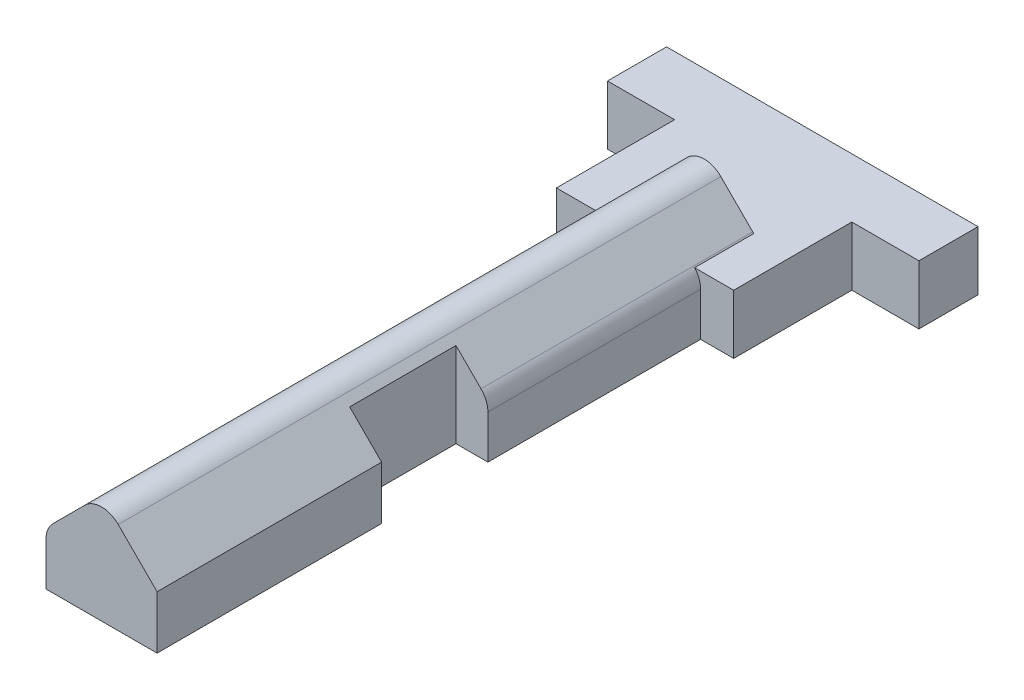
from build123d import *

# Parameters (mm, degrees)
SZKIC1_W                    = 9.4
SZKIC1_H                    = 4.5
DODANIE_WYCI_GNI_CIE1_DEPTH = 51
SZKIC2_W                    = 2.7
SZKIC2_H                    = 9
SZKIC2_W_2                  = 5.3
WYTNIJ_WYCI_GNI_CIE1_DEPTH  = 10
SZKIC4_W                    = 15
SZKIC4_H                    = 10
SZKIC4_W_2                  = 26.356233294
SZKIC4_H_2                  = 5
DODANIE_WYCI_GNI_CIE2_DEPTH = 5
ZAOKR_GLENIE1_R             = 2


with BuildPart() as part:
    # Szkic1 → Dodanie-wyciągnięcie1 (new body)
    with BuildSketch(Plane.XY):
        Polygon((0, 6.95), (4.7, 2.25), (-4.7, 2.25), align=None)
        Rectangle(SZKIC1_W, SZKIC1_H)
    extrude(amount=DODANIE_WYCI_GNI_CIE1_DEPTH)

    # Szkic2 → Wytnij-wyciągnięcie1 (cut)
    with BuildSketch(Plane.XZ.offset(2.25)):
        with Locations((3.35, 27.5)):
            Rectangle(SZKIC2_W, SZKIC2_H)
        with Locations((7.35, 27.5)):
            Rectangle(SZKIC2_W_2, SZKIC2_H)
    extrude(amount=-WYTNIJ_WYCI_GNI_CIE1_DEPTH, mode=Mode.SUBTRACT)

    # Szkic4 → Dodanie-wyciągnięcie2 (add)
    with BuildSketch(Plane.XZ.offset(2.25)):
        Rectangle(SZKIC4_W, SZKIC4_H)
        with Locations((0, -7.5)):
            Rectangle(SZKIC4_W_2, SZKIC4_H_2)
    extrude(amount=-DODANIE_WYCI_GNI_CIE2_DEPTH)

    # Zaokrąglenie1
    zaokr_glenie1_edges = [part.edges().sort_by_distance(p)[0] for p in [
        (4.7, 2.25, 14),
        (-4.7, 2.25, 28),
        (0, 6.95, 25.5),
    ]]
    fillet(zaokr_glenie1_edges, radius=ZAOKR_GLENIE1_R)


solid = part.part
════════
WORK TASK - Copy out all the data exactly. The images should not appear in the copy.

RESPONSE BELOW -
from build123d import *

# Parameters (mm, degrees)
SZKIC1_W                    = 9.4
SZKIC1_H                    = 4.5
DODANIE_WYCI_GNI_CIE1_DEPTH = 51
SZKIC2_W                    = 2.7
SZKIC2_H                    = 9
SZKIC2_W_2                  = 5.3
WYTNIJ_WYCI_GNI_CIE1_DEPTH  = 10
SZKIC4_W                    = 15
SZKIC4_H                    = 10
SZKIC4_W_2                  = 26.356233294
SZKIC4_H_2                  = 5
DODANIE_WYCI_GNI_CIE2_DEPTH = 5
ZAOKR_GLENIE1_R             = 2


with BuildPart() as part:
    # Szkic1 → Dodanie-wyciągnięcie1 (new body)
    with BuildSketch(Plane.XY):
        Polygon((0, 6.95), (4.7, 2.25), (-4.7, 2.25), align=None)
        Rectangle(SZKIC1_W, SZKIC1_H)
    extrude(amount=DODANIE_WYCI_GNI_CIE1_DEPTH)

    # Szkic2 → Wytnij-wyciągnięcie1 (cut)
    with BuildSketch(Plane.XZ.offset(2.25)):
        with Locations((3.35, 27.5)):
            Rectangle(SZKIC2_W, SZKIC2_H)
        with Locations((7.35, 27.5)):
            Rectangle(SZKIC2_W_2, SZKIC2_H)
    extrude(amount=-WYTNIJ_WYCI_GNI_CIE1_DEPTH, mode=Mode.SUBTRACT)

    # Szkic4 → Dodanie-wyciągnięcie2 (add)
    with BuildSketch(Plane.XZ.offset(2.25)):
        Rectangle(SZKIC4_W, SZKIC4_H)
        with Locations((0, -7.5)):
            Rectangle(SZKIC4_W_2, SZKIC4_H_2)
    extrude(amount=-DODANIE_WYCI_GNI_CIE2_DEPTH)

    # Zaokrąglenie1
    zaokr_glenie1_edges = [part.edges().sort_by_distance(p)[0] for p in [
        (4.7, 2.25, 14),
        (-4.7, 2.25, 28),
        (0, 6.95, 25.5),
    ]]
    fillet(zaokr_glenie1_edges, radius=ZAOKR_GLENIE1_R)


solid = part.part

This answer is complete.